JetMoE: Llama2 Performance at $0.1M


Delve into the groundbreaking research of JetMoE, a new marvel in the realm of natural language processing, boasting Llama2 (7B) performance with an 8B-MoE architecture. Despite a modest $0.1M budget and a token count of just 1.25 trillion, JetMoE achieves remarkable results by employing a novel multi-stage training approach.

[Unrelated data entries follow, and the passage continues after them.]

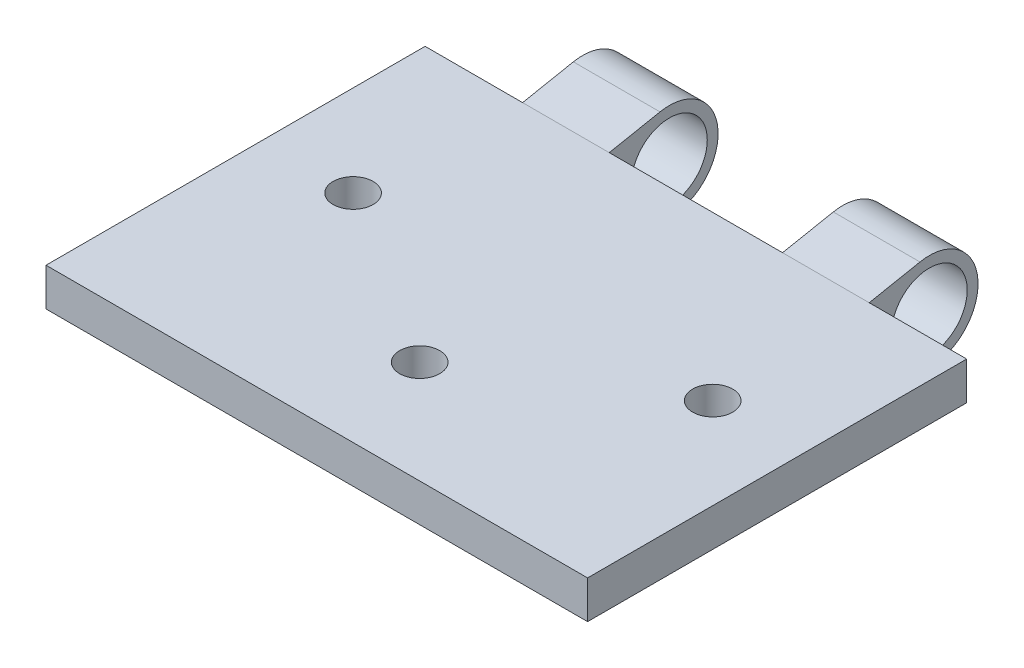
ISO-10303-21;
HEADER;
FILE_DESCRIPTION(('STEP AP214'),'2;1');
FILE_NAME('part.step','',(''),(''),'','','');
FILE_SCHEMA(('AUTOMOTIVE_DESIGN { 1 0 10303 214 1 1 1 1 }'));
ENDSEC;
DATA;
#1=APPLICATION_CONTEXT('core data for automotive mechanical design processes');
#2=APPLICATION_PROTOCOL_DEFINITION('international standard','automotive_design',2000,#1);
#3=PRODUCT_CONTEXT('',#1,'mechanical');
#4=PRODUCT('Part','Part','',(#3));
#5=PRODUCT_RELATED_PRODUCT_CATEGORY('part','',(#4));
#6=PRODUCT_DEFINITION_FORMATION('','',#4);
#7=PRODUCT_DEFINITION_CONTEXT('part definition',#1,'design');
#8=PRODUCT_DEFINITION('design','',#6,#7);
#9=PRODUCT_DEFINITION_SHAPE('','',#8);
#10=(LENGTH_UNIT() NAMED_UNIT(*) SI_UNIT(.MILLI.,.METRE.));
#11=(NAMED_UNIT(*) PLANE_ANGLE_UNIT() SI_UNIT($,.RADIAN.));
#12=(NAMED_UNIT(*) SI_UNIT($,.STERADIAN.) SOLID_ANGLE_UNIT());
#13=UNCERTAINTY_MEASURE_WITH_UNIT(LENGTH_MEASURE(1.E-05),#10,'distance_accuracy_value','');
#14=(GEOMETRIC_REPRESENTATION_CONTEXT(3) GLOBAL_UNCERTAINTY_ASSIGNED_CONTEXT((#13)) GLOBAL_UNIT_ASSIGNED_CONTEXT((#10,
#11,#12)) REPRESENTATION_CONTEXT('',''));
#15=CARTESIAN_POINT('',(0.,0.,0.));
#16=DIRECTION('',(0.,0.,1.));
#17=DIRECTION('',(1.,0.,0.));
#18=AXIS2_PLACEMENT_3D('',#15,#16,#17);
#19=CARTESIAN_POINT('',(-25.,3.5,-17.5));
#20=DIRECTION('',(0.,0.,-1.));
#21=DIRECTION('',(-1.,0.,0.));
#22=AXIS2_PLACEMENT_3D('',#19,#20,#21);
#23=PLANE('',#22);
#24=DIRECTION('',(1.,0.,0.));
#25=VECTOR('',#24,1.);
#26=CARTESIAN_POINT('',(-25.,0.,-17.5));
#27=LINE('',#26,#25);
#28=CARTESIAN_POINT('',(-8.00000000000001,0.,-17.5));
#29=VERTEX_POINT('',#28);
#30=CARTESIAN_POINT('',(7.99999999999999,0.,-17.5));
#31=VERTEX_POINT('',#30);
#32=EDGE_CURVE('E265',#29,#31,#27,.T.);
#33=ORIENTED_EDGE('',*,*,#32,.F.);
#34=DIRECTION('',(0.,-1.,0.));
#35=VECTOR('',#34,1.);
#36=CARTESIAN_POINT('',(-8.,3.5,-17.5));
#37=LINE('',#36,#35);
#38=CARTESIAN_POINT('',(-8.,3.5,-17.5));
#39=VERTEX_POINT('',#38);
#40=EDGE_CURVE('E240',#39,#29,#37,.T.);
#41=ORIENTED_EDGE('',*,*,#40,.F.);
#42=DIRECTION('',(1.,0.,0.));
#43=VECTOR('',#42,1.);
#44=CARTESIAN_POINT('',(-25.,3.5,-17.5));
#45=LINE('',#44,#43);
#46=CARTESIAN_POINT('',(7.99999999999999,3.5,-17.5));
#47=VERTEX_POINT('',#46);
#48=EDGE_CURVE('E155',#39,#47,#45,.T.);
#49=ORIENTED_EDGE('',*,*,#48,.T.);
#50=DIRECTION('',(0.,-1.,0.));
#51=VECTOR('',#50,1.);
#52=CARTESIAN_POINT('',(8.,3.5,-17.5));
#53=LINE('',#52,#51);
#54=EDGE_CURVE('E213',#47,#31,#53,.T.);
#55=ORIENTED_EDGE('',*,*,#54,.T.);
#56=EDGE_LOOP('',(#33,#41,#49,#55));
#57=FACE_BOUND('',#56,.T.);
#58=ADVANCED_FACE('F33',(#57),#23,.T.);
#59=DIRECTION('',(0.,-1.,0.));
#60=VECTOR('',#59,1.);
#61=CARTESIAN_POINT('',(-16.,3.5,-17.5));
#62=LINE('',#61,#60);
#63=CARTESIAN_POINT('',(-16.,3.5,-17.5));
#64=VERTEX_POINT('',#63);
#65=CARTESIAN_POINT('',(-16.,0.,-17.5));
#66=VERTEX_POINT('',#65);
#67=EDGE_CURVE('E125',#64,#66,#62,.T.);
#68=ORIENTED_EDGE('',*,*,#67,.T.);
#69=CARTESIAN_POINT('',(-25.,0.,-17.5));
#70=VERTEX_POINT('',#69);
#71=EDGE_CURVE('E269',#70,#66,#27,.T.);
#72=ORIENTED_EDGE('',*,*,#71,.F.);
#73=DIRECTION('',(0.,-1.,0.));
#74=VECTOR('',#73,1.);
#75=CARTESIAN_POINT('',(-25.,3.5,-17.5));
#76=LINE('',#75,#74);
#77=CARTESIAN_POINT('',(-25.,3.5,-17.5));
#78=VERTEX_POINT('',#77);
#79=EDGE_CURVE('E37',#78,#70,#76,.T.);
#80=ORIENTED_EDGE('',*,*,#79,.F.);
#81=EDGE_CURVE('E152',#78,#64,#45,.T.);
#82=ORIENTED_EDGE('',*,*,#81,.T.);
#83=EDGE_LOOP('',(#68,#72,#80,#82));
#84=FACE_BOUND('',#83,.T.);
#85=ADVANCED_FACE('F158',(#84),#23,.T.);
#86=CARTESIAN_POINT('',(-25.,3.5,17.5));
#87=DIRECTION('',(-1.,0.,0.));
#88=DIRECTION('',(0.,0.,1.));
#89=AXIS2_PLACEMENT_3D('',#86,#87,#88);
#90=PLANE('',#89);
#91=DIRECTION('',(0.,0.,-1.));
#92=VECTOR('',#91,1.);
#93=CARTESIAN_POINT('',(-25.,0.,17.5));
#94=LINE('',#93,#92);
#95=CARTESIAN_POINT('',(-25.,0.,17.5));
#96=VERTEX_POINT('',#95);
#97=EDGE_CURVE('E194',#96,#70,#94,.T.);
#98=ORIENTED_EDGE('',*,*,#97,.F.);
#99=DIRECTION('',(0.,-1.,0.));
#100=VECTOR('',#99,1.);
#101=CARTESIAN_POINT('',(-25.,3.5,17.5));
#102=LINE('',#101,#100);
#103=CARTESIAN_POINT('',(-25.,3.5,17.5));
#104=VERTEX_POINT('',#103);
#105=EDGE_CURVE('E11',#104,#96,#102,.T.);
#106=ORIENTED_EDGE('',*,*,#105,.F.);
#107=DIRECTION('',(0.,0.,-1.));
#108=VECTOR('',#107,1.);
#109=CARTESIAN_POINT('',(-25.,3.5,17.5));
#110=LINE('',#109,#108);
#111=EDGE_CURVE('E166',#104,#78,#110,.T.);
#112=ORIENTED_EDGE('',*,*,#111,.T.);
#113=ORIENTED_EDGE('',*,*,#79,.T.);
#114=EDGE_LOOP('',(#98,#106,#112,#113));
#115=FACE_BOUND('',#114,.T.);
#116=ADVANCED_FACE('F35',(#115),#90,.T.);
#117=CARTESIAN_POINT('',(25.,3.5,17.5));
#118=DIRECTION('',(0.,0.,1.));
#119=DIRECTION('',(1.,0.,0.));
#120=AXIS2_PLACEMENT_3D('',#117,#118,#119);
#121=PLANE('',#120);
#122=DIRECTION('',(-1.,0.,0.));
#123=VECTOR('',#122,1.);
#124=CARTESIAN_POINT('',(25.,0.,17.5));
#125=LINE('',#124,#123);
#126=CARTESIAN_POINT('',(25.,0.,17.5));
#127=VERTEX_POINT('',#126);
#128=EDGE_CURVE('E169',#127,#96,#125,.T.);
#129=ORIENTED_EDGE('',*,*,#128,.F.);
#130=DIRECTION('',(0.,-1.,0.));
#131=VECTOR('',#130,1.);
#132=CARTESIAN_POINT('',(25.,3.5,17.5));
#133=LINE('',#132,#131);
#134=CARTESIAN_POINT('',(25.,3.5,17.5));
#135=VERTEX_POINT('',#134);
#136=EDGE_CURVE('E42',#135,#127,#133,.T.);
#137=ORIENTED_EDGE('',*,*,#136,.F.);
#138=DIRECTION('',(-1.,0.,0.));
#139=VECTOR('',#138,1.);
#140=CARTESIAN_POINT('',(25.,3.5,17.5));
#141=LINE('',#140,#139);
#142=EDGE_CURVE('E163',#135,#104,#141,.T.);
#143=ORIENTED_EDGE('',*,*,#142,.T.);
#144=ORIENTED_EDGE('',*,*,#105,.T.);
#145=EDGE_LOOP('',(#129,#137,#143,#144));
#146=FACE_BOUND('',#145,.T.);
#147=ADVANCED_FACE('F301',(#146),#121,.T.);
#148=CARTESIAN_POINT('',(25.,3.5,-17.5));
#149=DIRECTION('',(1.,0.,0.));
#150=DIRECTION('',(0.,0.,-1.));
#151=AXIS2_PLACEMENT_3D('',#148,#149,#150);
#152=PLANE('',#151);
#153=DIRECTION('',(0.,0.,1.));
#154=VECTOR('',#153,1.);
#155=CARTESIAN_POINT('',(25.,0.,-17.5));
#156=LINE('',#155,#154);
#157=CARTESIAN_POINT('',(25.,0.,-17.5));
#158=VERTEX_POINT('',#157);
#159=EDGE_CURVE('E172',#158,#127,#156,.T.);
#160=ORIENTED_EDGE('',*,*,#159,.F.);
#161=DIRECTION('',(0.,-1.,0.));
#162=VECTOR('',#161,1.);
#163=CARTESIAN_POINT('',(25.,3.5,-17.5));
#164=LINE('',#163,#162);
#165=CARTESIAN_POINT('',(25.,3.5,-17.5));
#166=VERTEX_POINT('',#165);
#167=EDGE_CURVE('E490',#166,#158,#164,.T.);
#168=ORIENTED_EDGE('',*,*,#167,.F.);
#169=DIRECTION('',(0.,0.,1.));
#170=VECTOR('',#169,1.);
#171=CARTESIAN_POINT('',(25.,3.5,-17.5));
#172=LINE('',#171,#170);
#173=EDGE_CURVE('E159',#166,#135,#172,.T.);
#174=ORIENTED_EDGE('',*,*,#173,.T.);
#175=ORIENTED_EDGE('',*,*,#136,.T.);
#176=EDGE_LOOP('',(#160,#168,#174,#175));
#177=FACE_BOUND('',#176,.T.);
#178=ADVANCED_FACE('F294',(#177),#152,.T.);
#179=DIRECTION('',(0.,-1.,0.));
#180=VECTOR('',#179,1.);
#181=CARTESIAN_POINT('',(16.,3.5,-17.5));
#182=LINE('',#181,#180);
#183=CARTESIAN_POINT('',(16.,3.5,-17.5));
#184=VERTEX_POINT('',#183);
#185=CARTESIAN_POINT('',(16.,0.,-17.5));
#186=VERTEX_POINT('',#185);
#187=EDGE_CURVE('E58',#184,#186,#182,.T.);
#188=ORIENTED_EDGE('',*,*,#187,.F.);
#189=EDGE_CURVE('E161',#184,#166,#45,.T.);
#190=ORIENTED_EDGE('',*,*,#189,.T.);
#191=ORIENTED_EDGE('',*,*,#167,.T.);
#192=EDGE_CURVE('E270',#186,#158,#27,.T.);
#193=ORIENTED_EDGE('',*,*,#192,.F.);
#194=EDGE_LOOP('',(#188,#190,#191,#193));
#195=FACE_BOUND('',#194,.T.);
#196=ADVANCED_FACE('F288',(#195),#23,.T.);
#197=CARTESIAN_POINT('',(0.,3.5,0.));
#198=DIRECTION('',(0.,-1.,0.));
#199=DIRECTION('',(0.,0.,-1.));
#200=AXIS2_PLACEMENT_3D('',#197,#198,#199);
#201=PLANE('',#200);
#202=CARTESIAN_POINT('',(-16.6,3.5,-2.45));
#203=DIRECTION('',(0.,1.,0.));
#204=DIRECTION('',(0.,0.,1.));
#205=AXIS2_PLACEMENT_3D('',#202,#203,#204);
#206=CIRCLE('',#205,1.85);
#207=CARTESIAN_POINT('',(-16.6,3.5,-0.599999999999999));
#208=VERTEX_POINT('',#207);
#209=EDGE_CURVE('E188',#208,#208,#206,.T.);
#210=ORIENTED_EDGE('',*,*,#209,.F.);
#211=EDGE_LOOP('',(#210));
#212=FACE_BOUND('',#211,.T.);
#213=CARTESIAN_POINT('',(0.,3.5,8.));
#214=DIRECTION('',(0.,1.,0.));
#215=DIRECTION('',(0.,0.,1.));
#216=AXIS2_PLACEMENT_3D('',#213,#214,#215);
#217=CIRCLE('',#216,1.85);
#218=CARTESIAN_POINT('',(0.,3.5,9.85));
#219=VERTEX_POINT('',#218);
#220=EDGE_CURVE('E182',#219,#219,#217,.T.);
#221=ORIENTED_EDGE('',*,*,#220,.F.);
#222=EDGE_LOOP('',(#221));
#223=FACE_BOUND('',#222,.T.);
#224=CARTESIAN_POINT('',(16.6,3.5,-2.45));
#225=DIRECTION('',(0.,1.,0.));
#226=DIRECTION('',(0.,0.,1.));
#227=AXIS2_PLACEMENT_3D('',#224,#225,#226);
#228=CIRCLE('',#227,1.85);
#229=CARTESIAN_POINT('',(16.6,3.5,-0.600000000000003));
#230=VERTEX_POINT('',#229);
#231=EDGE_CURVE('E175',#230,#230,#228,.T.);
#232=ORIENTED_EDGE('',*,*,#231,.F.);
#233=EDGE_LOOP('',(#232));
#234=FACE_BOUND('',#233,.T.);
#235=ORIENTED_EDGE('',*,*,#111,.F.);
#236=ORIENTED_EDGE('',*,*,#142,.F.);
#237=ORIENTED_EDGE('',*,*,#173,.F.);
#238=ORIENTED_EDGE('',*,*,#189,.F.);
#239=DIRECTION('',(-1.,0.,0.));
#240=VECTOR('',#239,1.);
#241=CARTESIAN_POINT('',(16.,3.5,-17.5));
#242=LINE('',#241,#240);
#243=EDGE_CURVE('E203',#184,#47,#242,.T.);
#244=ORIENTED_EDGE('',*,*,#243,.T.);
#245=ORIENTED_EDGE('',*,*,#48,.F.);
#246=DIRECTION('',(1.,0.,0.));
#247=VECTOR('',#246,1.);
#248=CARTESIAN_POINT('',(-16.,3.5,-17.5));
#249=LINE('',#248,#247);
#250=EDGE_CURVE('E142',#64,#39,#249,.T.);
#251=ORIENTED_EDGE('',*,*,#250,.F.);
#252=ORIENTED_EDGE('',*,*,#81,.F.);
#253=EDGE_LOOP('',(#235,#236,#237,#238,#244,#245,#251,#252));
#254=FACE_BOUND('',#253,.T.);
#255=ADVANCED_FACE('F151',(#212,#223,#234,#254),#201,.F.);
#256=CARTESIAN_POINT('',(0.,0.,0.));
#257=DIRECTION('',(0.,-1.,0.));
#258=DIRECTION('',(0.,0.,-1.));
#259=AXIS2_PLACEMENT_3D('',#256,#257,#258);
#260=PLANE('',#259);
#261=CARTESIAN_POINT('',(-16.6,0.,-2.45));
#262=DIRECTION('',(0.,1.,0.));
#263=DIRECTION('',(0.,0.,1.));
#264=AXIS2_PLACEMENT_3D('',#261,#262,#263);
#265=CIRCLE('',#264,1.85);
#266=CARTESIAN_POINT('',(-16.6,0.,-0.599999999999999));
#267=VERTEX_POINT('',#266);
#268=EDGE_CURVE('E191',#267,#267,#265,.T.);
#269=ORIENTED_EDGE('',*,*,#268,.T.);
#270=EDGE_LOOP('',(#269));
#271=FACE_BOUND('',#270,.T.);
#272=CARTESIAN_POINT('',(0.,0.,8.));
#273=DIRECTION('',(0.,1.,0.));
#274=DIRECTION('',(0.,0.,1.));
#275=AXIS2_PLACEMENT_3D('',#272,#273,#274);
#276=CIRCLE('',#275,1.85);
#277=CARTESIAN_POINT('',(0.,0.,9.85));
#278=VERTEX_POINT('',#277);
#279=EDGE_CURVE('E185',#278,#278,#276,.T.);
#280=ORIENTED_EDGE('',*,*,#279,.T.);
#281=EDGE_LOOP('',(#280));
#282=FACE_BOUND('',#281,.T.);
#283=CARTESIAN_POINT('',(16.6,0.,-2.45));
#284=DIRECTION('',(0.,1.,0.));
#285=DIRECTION('',(0.,0.,1.));
#286=AXIS2_PLACEMENT_3D('',#283,#284,#285);
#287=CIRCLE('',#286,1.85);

This approach, akin to Mixtral or DBRX, harnesses a sparsely Gated Mixture-of-Experts (SMoE) architecture, with attention and feedforward layers selectively activated. The journey of JetMoE-8B unfolds across meticulously crafted phases: initialization, dual pretraining stages spanning vast corpora like RefinedWeb and Arxiv, supervised fine-tuning via the Zephyr Recipe, and precision honing through techniques like DPO and Ultrafeedback. Noteworthy insights emerge, highlighting the pivotal role of data quality and the efficacy of Warmup-Stable-Decay (WSD) learning rates in multi-phase pretraining. With a staggering 30,000 H100 GPU hours invested, JetMoE-8B surpasses Llama 2 7B on the Open Leaderboard while achieving a 70% reduction in inference speed through judicious MoE utilization. JetMoE-8B stands as a testament to the power of innovation and resourcefulness in advancing the frontiers of natural language understanding.